Research Pathways to a Practical Cure for Type 1 Diabetes

This is the first of two reports which will address Practical Cure projects currently in human trials. This report defines a Practical Cure and identifies the four most likely research pathways. The second report will provide an updated list of projects by pathway that are currently in human trials.

PRACTICAL CURE IS OUTCOME FOCUSED 

A Practical Cure is any solution which minimizes the disruptive aspects of T1D and enables a near-normal quality of life; it is purely outcome focused. The opening chart shows the various outcome criteria that a Practical Cure must meet, including sleeping worry-free, no dietary restrictions, minimal monitoring, insignificant side effects, elimination of hypos, and HbA1C readings under 7%.
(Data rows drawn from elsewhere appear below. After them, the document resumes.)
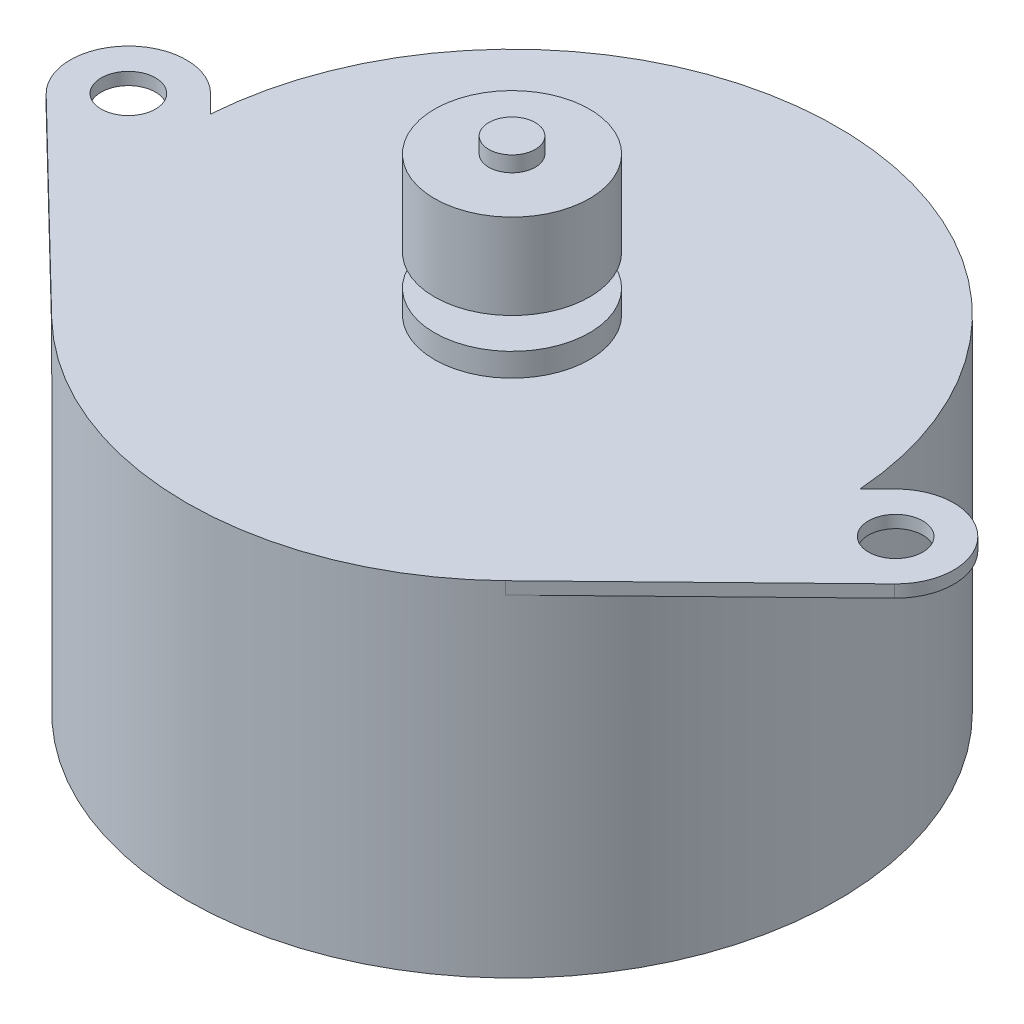
ISO-10303-21;
HEADER;
FILE_DESCRIPTION(('STEP AP214'),'2;1');
FILE_NAME('part.step','',(''),(''),'','','');
FILE_SCHEMA(('AUTOMOTIVE_DESIGN { 1 0 10303 214 1 1 1 1 }'));
ENDSEC;
DATA;
#1=APPLICATION_CONTEXT('core data for automotive mechanical design processes');
#2=APPLICATION_PROTOCOL_DEFINITION('international standard','automotive_design',2000,#1);
#3=PRODUCT_CONTEXT('',#1,'mechanical');
#4=PRODUCT('Part','Part','',(#3));
#5=PRODUCT_RELATED_PRODUCT_CATEGORY('part','',(#4));
#6=PRODUCT_DEFINITION_FORMATION('','',#4);
#7=PRODUCT_DEFINITION_CONTEXT('part definition',#1,'design');
#8=PRODUCT_DEFINITION('design','',#6,#7);
#9=PRODUCT_DEFINITION_SHAPE('','',#8);
#10=(LENGTH_UNIT() NAMED_UNIT(*) SI_UNIT(.MILLI.,.METRE.));
#11=(NAMED_UNIT(*) PLANE_ANGLE_UNIT() SI_UNIT($,.RADIAN.));
#12=(NAMED_UNIT(*) SI_UNIT($,.STERADIAN.) SOLID_ANGLE_UNIT());
#13=UNCERTAINTY_MEASURE_WITH_UNIT(LENGTH_MEASURE(1.E-05),#10,'distance_accuracy_value','');
#14=(GEOMETRIC_REPRESENTATION_CONTEXT(3) GLOBAL_UNCERTAINTY_ASSIGNED_CONTEXT((#13)) GLOBAL_UNIT_ASSIGNED_CONTEXT((#10,
#11,#12)) REPRESENTATION_CONTEXT('',''));
#15=CARTESIAN_POINT('',(0.,0.,0.));
#16=DIRECTION('',(0.,0.,1.));
#17=DIRECTION('',(1.,0.,0.));
#18=AXIS2_PLACEMENT_3D('',#15,#16,#17);
#19=CARTESIAN_POINT('',(0.,32.2,0.));
#20=DIRECTION('',(0.,-1.,0.));
#21=DIRECTION('',(0.,0.,-1.));
#22=AXIS2_PLACEMENT_3D('',#19,#20,#21);
#23=CYLINDRICAL_SURFACE('',#22,1.5);
#24=CARTESIAN_POINT('',(0.,23.7,0.));
#25=DIRECTION('',(0.,1.,0.));
#26=DIRECTION('',(0.,0.,1.));
#27=AXIS2_PLACEMENT_3D('',#24,#25,#26);
#28=CIRCLE('',#27,1.5);
#29=CARTESIAN_POINT('',(0.,23.7,1.5));
#30=VERTEX_POINT('',#29);
#31=EDGE_CURVE('E134',#30,#30,#28,.T.);
#32=ORIENTED_EDGE('',*,*,#31,.T.);
#33=EDGE_LOOP('',(#32));
#34=FACE_BOUND('',#33,.T.);
#35=CARTESIAN_POINT('',(0.,25.7,0.));
#36=DIRECTION('',(0.,1.,0.));
#37=DIRECTION('',(0.,0.,1.));
#38=AXIS2_PLACEMENT_3D('',#35,#36,#37);
#39=CIRCLE('',#38,1.5);
#40=CARTESIAN_POINT('',(0.,25.7,1.5));
#41=VERTEX_POINT('',#40);
#42=EDGE_CURVE('E43',#41,#41,#39,.T.);
#43=ORIENTED_EDGE('',*,*,#42,.F.);
#44=EDGE_LOOP('',(#43));
#45=FACE_BOUND('',#44,.T.);
#46=ADVANCED_FACE('F35',(#34,#45),#23,.T.);
#47=CARTESIAN_POINT('',(0.,21.4,0.));
#48=DIRECTION('',(0.,-1.,0.));
#49=DIRECTION('',(0.,0.,-1.));
#50=AXIS2_PLACEMENT_3D('',#47,#48,#49);
#51=CYLINDRICAL_SURFACE('',#50,21.);
#52=CARTESIAN_POINT('',(0.,21.4,0.));
#53=DIRECTION('',(0.,1.,0.));
#54=DIRECTION('',(0.,0.,1.));
#55=AXIS2_PLACEMENT_3D('',#52,#53,#54);
#56=CIRCLE('',#55,21.);
#57=CARTESIAN_POINT('',(14.6353031626223,21.4,15.0601428060316));
#58=VERTEX_POINT('',#57);
#59=CARTESIAN_POINT('',(20.946382722661,21.4,-1.49968357856137));
#60=VERTEX_POINT('',#59);
#61=EDGE_CURVE('E133',#58,#60,#56,.T.);
#62=ORIENTED_EDGE('',*,*,#61,.F.);
#63=DIRECTION('',(0.,-1.,0.));
#64=VECTOR('',#63,1.);
#65=CARTESIAN_POINT('',(14.6353031626223,22.2,15.0601428060316));
#66=LINE('',#65,#64);
#67=CARTESIAN_POINT('',(14.6353031626223,22.2,15.0601428060316));
#68=VERTEX_POINT('',#67);
#69=EDGE_CURVE('E129',#68,#58,#66,.T.);
#70=ORIENTED_EDGE('',*,*,#69,.F.);
#71=CARTESIAN_POINT('',(0.,22.2,0.));
#72=DIRECTION('',(0.,1.,0.));
#73=DIRECTION('',(0.,0.,1.));
#74=AXIS2_PLACEMENT_3D('',#71,#72,#73);
#75=CIRCLE('',#74,20.9999999999983);
#76=CARTESIAN_POINT('',(-14.6348726808142,22.2,15.0605611321851));
#77=VERTEX_POINT('',#76);
#78=EDGE_CURVE('E109',#77,#68,#75,.T.);
#79=ORIENTED_EDGE('',*,*,#78,.F.);
#80=DIRECTION('',(0.,-1.,0.));
#81=VECTOR('',#80,1.);
#82=CARTESIAN_POINT('',(-14.6348726808142,22.2,15.0605611321851));
#83=LINE('',#82,#81);
#84=CARTESIAN_POINT('',(-14.6348726808142,21.4,15.0605611321851));
#85=VERTEX_POINT('',#84);
#86=EDGE_CURVE('E106',#77,#85,#83,.T.);
#87=ORIENTED_EDGE('',*,*,#86,.T.);
#88=CARTESIAN_POINT('',(-20.9463827224607,21.4,-1.49968358135981));
#89=VERTEX_POINT('',#88);
#90=EDGE_CURVE('E50',#89,#85,#56,.T.);
#91=ORIENTED_EDGE('',*,*,#90,.F.);
#92=DIRECTION('',(0.,-1.,0.));
#93=VECTOR('',#92,1.);
#94=CARTESIAN_POINT('',(-20.9463827224591,22.2,-1.49968358135819));
#95=LINE('',#94,#93);
#96=CARTESIAN_POINT('',(-20.9463827224591,22.2,-1.49968358135819));
#97=VERTEX_POINT('',#96);
#98=EDGE_CURVE('E187',#97,#89,#95,.T.);
#99=ORIENTED_EDGE('',*,*,#98,.F.);
#100=CARTESIAN_POINT('',(0.,22.2,0.));
#101=DIRECTION('',(0.,1.,0.));
#102=DIRECTION('',(0.,0.,1.));
#103=AXIS2_PLACEMENT_3D('',#100,#101,#102);
#104=CIRCLE('',#103,20.9999999999983);
#105=CARTESIAN_POINT('',(20.9463827226594,22.2,-1.49968357855975));
#106=VERTEX_POINT('',#105);
#107=EDGE_CURVE('E171',#106,#97,#104,.T.);
#108=ORIENTED_EDGE('',*,*,#107,.F.);
#109=DIRECTION('',(0.,-1.,0.));
#110=VECTOR('',#109,1.);
#111=CARTESIAN_POINT('',(20.9463827226594,22.2,-1.49968357855975));
#112=LINE('',#111,#110);
#113=EDGE_CURVE('E189',#106,#60,#112,.T.);
#114=ORIENTED_EDGE('',*,*,#113,.T.);
#115=EDGE_LOOP('',(#62,#70,#79,#87,#91,#99,#108,#114));
#116=FACE_BOUND('',#115,.T.);
#117=CARTESIAN_POINT('',(0.,0.,0.));
#118=DIRECTION('',(0.,1.,0.));
#119=DIRECTION('',(0.,0.,1.));
#120=AXIS2_PLACEMENT_3D('',#117,#118,#119);
#121=CIRCLE('',#120,21.);
#122=CARTESIAN_POINT('',(0.,0.,21.));
#123=VERTEX_POINT('',#122);
#124=EDGE_CURVE('E125',#123,#123,#121,.T.);
#125=ORIENTED_EDGE('',*,*,#124,.T.);
#126=EDGE_LOOP('',(#125));
#127=FACE_BOUND('',#126,.T.);
#128=ADVANCED_FACE('F37',(#116,#127),#51,.T.);
#129=CARTESIAN_POINT('',(0.,0.,0.));
#130=DIRECTION('',(0.,1.,0.));
#131=DIRECTION('',(0.,0.,1.));
#132=AXIS2_PLACEMENT_3D('',#129,#130,#131);
#133=PLANE('',#132);
#134=CARTESIAN_POINT('',(0.,0.,0.));
#135=DIRECTION('',(0.,1.,0.));
#136=DIRECTION('',(0.,0.,1.));
#137=AXIS2_PLACEMENT_3D('',#134,#135,#136);
#138=CIRCLE('',#137,1.5);
#139=CARTESIAN_POINT('',(0.,0.,1.5));
#140=VERTEX_POINT('',#139);
#141=EDGE_CURVE('E11',#140,#140,#138,.F.);
#142=ORIENTED_EDGE('',*,*,#141,.F.);
#143=EDGE_LOOP('',(#142));
#144=FACE_BOUND('',#143,.T.);
#145=ORIENTED_EDGE('',*,*,#124,.F.);
#146=EDGE_LOOP('',(#145));
#147=FACE_BOUND('',#146,.T.);
#148=ADVANCED_FACE('F219',(#144,#147),#133,.F.);
#149=CARTESIAN_POINT('',(-24.7499998787075,21.4,0.002450302120806));
#150=DIRECTION('',(0.,1.,0.));
#151=DIRECTION('',(0.,0.,1.));
#152=AXIS2_PLACEMENT_3D('',#149,#150,#151);
#153=PLANE('',#152);
#154=CARTESIAN_POINT('',(24.75,21.4,0.00174279390106055));
#155=DIRECTION('',(0.,1.,0.));
#156=DIRECTION('',(0.,0.,1.));
#157=AXIS2_PLACEMENT_3D('',#154,#155,#156);
#158=CIRCLE('',#157,1.75000000087675);
#159=CARTESIAN_POINT('',(24.75,21.4,1.75174279477781));
#160=VERTEX_POINT('',#159);
#161=EDGE_CURVE('E156',#160,#160,#158,.T.);
#162=ORIENTED_EDGE('',*,*,#161,.T.);
#163=EDGE_LOOP('',(#162));
#164=FACE_BOUND('',#163,.T.);
#165=DIRECTION('',(0.717149657430134,0.,-0.696919198220167));
#166=VECTOR('',#165,1.);
#167=CARTESIAN_POINT('',(27.3634469933236,21.4,2.69105400926601));
#168=LINE('',#167,#166);
#169=CARTESIAN_POINT('',(27.3634469933236,21.4,2.69105400926601));
#170=VERTEX_POINT('',#169);
#171=EDGE_CURVE('E178',#58,#170,#168,.T.);
#172=ORIENTED_EDGE('',*,*,#171,.F.);
#173=ORIENTED_EDGE('',*,*,#61,.T.);
#174=DIRECTION('',(-0.707641402636143,0.,0.706571755220341));
#175=VECTOR('',#174,1.);
#176=CARTESIAN_POINT('',(22.1003559179237,21.4,-2.65191246598448));
#177=LINE('',#176,#175);
#178=CARTESIAN_POINT('',(22.1003559179237,21.4,-2.65191246598448));
#179=VERTEX_POINT('',#178);
#180=EDGE_CURVE('E182',#179,#60,#177,.T.);
#181=ORIENTED_EDGE('',*,*,#180,.F.);
#182=CARTESIAN_POINT('',(24.75,21.4,0.00174279390106055));
#183=DIRECTION('',(0.,1.,0.));
#184=DIRECTION('',(0.,0.,1.));
#185=AXIS2_PLACEMENT_3D('',#182,#183,#184);
#186=CIRCLE('',#185,3.75000000000001);
#187=EDGE_CURVE('E180',#170,#179,#186,.T.);
#188=ORIENTED_EDGE('',*,*,#187,.F.);
#189=EDGE_LOOP('',(#172,#173,#181,#188));
#190=FACE_BOUND('',#189,.T.);
#191=ADVANCED_FACE('F206',(#164,#190),#153,.F.);
#192=CARTESIAN_POINT('',(-24.7499998787075,21.4,0.002450302120806));
#193=DIRECTION('',(0.,1.,0.));
#194=DIRECTION('',(0.,0.,1.));
#195=AXIS2_PLACEMENT_3D('',#192,#193,#194);
#196=CIRCLE('',#195,1.74999999997109);
#197=CARTESIAN_POINT('',(-24.7499998787075,21.4,1.75245030209189));
#198=VERTEX_POINT('',#197);
#199=EDGE_CURVE('E149',#198,#198,#196,.T.);
#200=ORIENTED_EDGE('',*,*,#199,.T.);
#201=EDGE_LOOP('',(#200));
#202=FACE_BOUND('',#201,.T.);
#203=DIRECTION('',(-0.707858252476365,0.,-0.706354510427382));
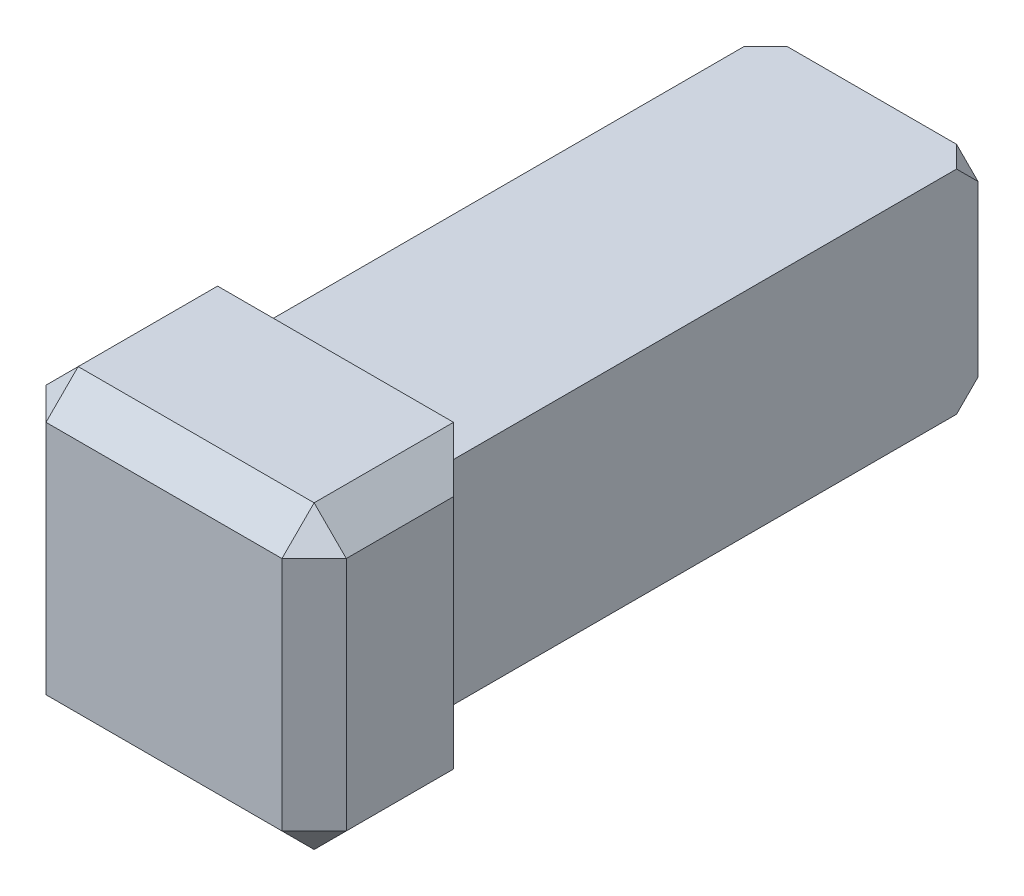
ISO-10303-21;
HEADER;
FILE_DESCRIPTION(('STEP AP214'),'2;1');
FILE_NAME('part.step','',(''),(''),'','','');
FILE_SCHEMA(('AUTOMOTIVE_DESIGN { 1 0 10303 214 1 1 1 1 }'));
ENDSEC;
DATA;
#1=APPLICATION_CONTEXT('core data for automotive mechanical design processes');
#2=APPLICATION_PROTOCOL_DEFINITION('international standard','automotive_design',2000,#1);
#3=PRODUCT_CONTEXT('',#1,'mechanical');
#4=PRODUCT('Part','Part','',(#3));
#5=PRODUCT_RELATED_PRODUCT_CATEGORY('part','',(#4));
#6=PRODUCT_DEFINITION_FORMATION('','',#4);
#7=PRODUCT_DEFINITION_CONTEXT('part definition',#1,'design');
#8=PRODUCT_DEFINITION('design','',#6,#7);
#9=PRODUCT_DEFINITION_SHAPE('','',#8);
#10=(LENGTH_UNIT() NAMED_UNIT(*) SI_UNIT(.MILLI.,.METRE.));
#11=(NAMED_UNIT(*) PLANE_ANGLE_UNIT() SI_UNIT($,.RADIAN.));
#12=(NAMED_UNIT(*) SI_UNIT($,.STERADIAN.) SOLID_ANGLE_UNIT());
#13=UNCERTAINTY_MEASURE_WITH_UNIT(LENGTH_MEASURE(1.E-05),#10,'distance_accuracy_value','');
#14=(GEOMETRIC_REPRESENTATION_CONTEXT(3) GLOBAL_UNCERTAINTY_ASSIGNED_CONTEXT((#13)) GLOBAL_UNIT_ASSIGNED_CONTEXT((#10,
#11,#12)) REPRESENTATION_CONTEXT('',''));
#15=CARTESIAN_POINT('',(0.,0.,0.));
#16=DIRECTION('',(0.,0.,1.));
#17=DIRECTION('',(1.,0.,0.));
#18=AXIS2_PLACEMENT_3D('',#15,#16,#17);
#19=CARTESIAN_POINT('',(4.95,4.95,25.));
#20=DIRECTION('',(-1.,0.,0.));
#21=DIRECTION('',(0.,-1.,0.));
#22=AXIS2_PLACEMENT_3D('',#19,#20,#21);
#23=PLANE('',#22);
#24=DIRECTION('',(0.,-0.707106781186548,0.707106781186547));
#25=VECTOR('',#24,1.);
#26=CARTESIAN_POINT('',(4.95,-12.,8.05));
#27=LINE('',#26,#25);
#28=CARTESIAN_POINT('',(4.95,-3.95,0.));
#29=VERTEX_POINT('',#28);
#30=CARTESIAN_POINT('',(4.95,-4.95,1.));
#31=VERTEX_POINT('',#30);
#32=EDGE_CURVE('E168',#29,#31,#27,.T.);
#33=ORIENTED_EDGE('',*,*,#32,.F.);
#34=DIRECTION('',(0.,1.,0.));
#35=VECTOR('',#34,1.);
#36=CARTESIAN_POINT('',(4.95,4.95,0.));
#37=LINE('',#36,#35);
#38=CARTESIAN_POINT('',(4.95,3.95,0.));
#39=VERTEX_POINT('',#38);
#40=EDGE_CURVE('E157',#29,#39,#37,.T.);
#41=ORIENTED_EDGE('',*,*,#40,.T.);
#42=DIRECTION('',(0.,-0.707106781186548,-0.707106781186547));
#43=VECTOR('',#42,1.);
#44=CARTESIAN_POINT('',(4.95,16.95,13.));
#45=LINE('',#44,#43);
#46=CARTESIAN_POINT('',(4.95,4.95,1.));
#47=VERTEX_POINT('',#46);
#48=EDGE_CURVE('E178',#47,#39,#45,.T.);
#49=ORIENTED_EDGE('',*,*,#48,.F.);
#50=DIRECTION('',(0.,0.,-1.));
#51=VECTOR('',#50,1.);
#52=CARTESIAN_POINT('',(4.95,4.95,25.));
#53=LINE('',#52,#51);
#54=CARTESIAN_POINT('',(4.95,4.95,25.));
#55=VERTEX_POINT('',#54);
#56=EDGE_CURVE('E281',#55,#47,#53,.T.);
#57=ORIENTED_EDGE('',*,*,#56,.F.);
#58=DIRECTION('',(0.,1.,0.));
#59=VECTOR('',#58,1.);
#60=CARTESIAN_POINT('',(4.95,4.95,25.));
#61=LINE('',#60,#59);
#62=CARTESIAN_POINT('',(4.95,-4.95,25.));
#63=VERTEX_POINT('',#62);
#64=EDGE_CURVE('E294',#63,#55,#61,.T.);
#65=ORIENTED_EDGE('',*,*,#64,.F.);
#66=DIRECTION('',(0.,0.,-1.));
#67=VECTOR('',#66,1.);
#68=CARTESIAN_POINT('',(4.95,-4.95,25.));
#69=LINE('',#68,#67);
#70=EDGE_CURVE('E169',#63,#31,#69,.T.);
#71=ORIENTED_EDGE('',*,*,#70,.T.);
#72=EDGE_LOOP('',(#33,#41,#49,#57,#65,#71));
#73=FACE_BOUND('',#72,.T.);
#74=ADVANCED_FACE('F35',(#73),#23,.F.);
#75=CARTESIAN_POINT('',(-4.95,4.95,25.));
#76=DIRECTION('',(0.,-1.,0.));
#77=DIRECTION('',(0.,0.,-1.));
#78=AXIS2_PLACEMENT_3D('',#75,#76,#77);
#79=PLANE('',#78);
#80=DIRECTION('',(0.707106781186548,0.,0.707106781186547));
#81=VECTOR('',#80,1.);
#82=CARTESIAN_POINT('',(12.,4.95,8.05));
#83=LINE('',#82,#81);
#84=CARTESIAN_POINT('',(3.95,4.95,0.));
#85=VERTEX_POINT('',#84);
#86=EDGE_CURVE('E175',#85,#47,#83,.T.);
#87=ORIENTED_EDGE('',*,*,#86,.F.);
#88=DIRECTION('',(-1.,0.,0.));
#89=VECTOR('',#88,1.);
#90=CARTESIAN_POINT('',(-4.95,4.95,0.));
#91=LINE('',#90,#89);
#92=CARTESIAN_POINT('',(-3.95,4.95,0.));
#93=VERTEX_POINT('',#92);
#94=EDGE_CURVE('E164',#85,#93,#91,.T.);
#95=ORIENTED_EDGE('',*,*,#94,.T.);
#96=DIRECTION('',(0.707106781186548,0.,-0.707106781186547));
#97=VECTOR('',#96,1.);
#98=CARTESIAN_POINT('',(-16.95,4.95,13.));
#99=LINE('',#98,#97);
#100=CARTESIAN_POINT('',(-4.95,4.95,0.999999999999997));
#101=VERTEX_POINT('',#100);
#102=EDGE_CURVE('E186',#101,#93,#99,.T.);
#103=ORIENTED_EDGE('',*,*,#102,.F.);
#104=DIRECTION('',(0.,0.,-1.));
#105=VECTOR('',#104,1.);
#106=CARTESIAN_POINT('',(-4.95,4.95,25.));
#107=LINE('',#106,#105);
#108=CARTESIAN_POINT('',(-4.95,4.95,25.));
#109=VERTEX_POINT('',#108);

In addition, any Practical Cure solution must have a reasonable chance of being available within the next fifteen years — in time to transform the lives of people who are currently living with the disease. Considering that, on average, it requires 10-15 years from the beginning of human trials to receive FDA pre-market approval, research projects that are currently human clinical trials have the best chance of meeting the timetable.

THE PATHWAYS

1) Islet Cell Transplantation involves implanting insulin-producing islet cells into a person with type 1 diabetes. It has three major components:

  • Cell protection: The islet cells must be protected from the immune attack after they have been implanted in the body. Various encapsulation approaches have been tested in humans. Immune-suppressing drugs are another alternative, but side effects still have to be reduced.
  • Cell supply: The only proven source of Islet cells is cadavers, which have very limited availability. Research into deriving a sustainable cell supply from human stem cells has seen promising advances and is currently being tested in two different human trials.
  • Site selection: Islet cells require large supplies of oxygen and nutrients in order to survive. The current protocol is to transplant islet cells in the liver, where most of them die. Other sites, including the stomach lining and the area under the skin, are being tested as alternatives. 

2) Immune System Modification stops the body’s immune system from attacking insulin-producing beta cells, either through drugs or stem cell therapy. Currently, human trials are testing the utility of regenerating beta cells alongside immunotherapy in type 1 diabetics with the goal of producing sufficient amounts of insulin. If regeneration proves ineffective, blocking the autoimmune attack would need to be combined with islet cell transplantation. There are currently four active projects in human trials.

3) Glucose-Responsive Insulin, aka “smart insulin,” is chemically activated in response to changes in blood glucose. Once injected, smart insulin remains inactive until blood glucose rises above normal levels. At that point, the chemical component activates the insulin, and once blood glucose returns to normal, the insulin action ceases, avoiding low blood sugar. To qualify as a Practical Cure, smart insulin would have to last long enough to eliminate the need for multiple daily injections. There is currently one active project in human trials.

4)  A Device that Mimics the Pancreas, often referred to as an artificial pancreas, is under development at several commercial and academic centers. The JDCA recently completed a survey asking the T1D community to identify the requirements an artificial pancreas must meet in order to qualify as a Practical Cure. The main factors were reliability, effectiveness at controlling blood sugar, and size. 88% of respondents said an AP Device would be a Practical Cure if "it is small enough that you could generally forget that you are wearing it." There are no active projects in human trials because no current generation AP projects are small enough.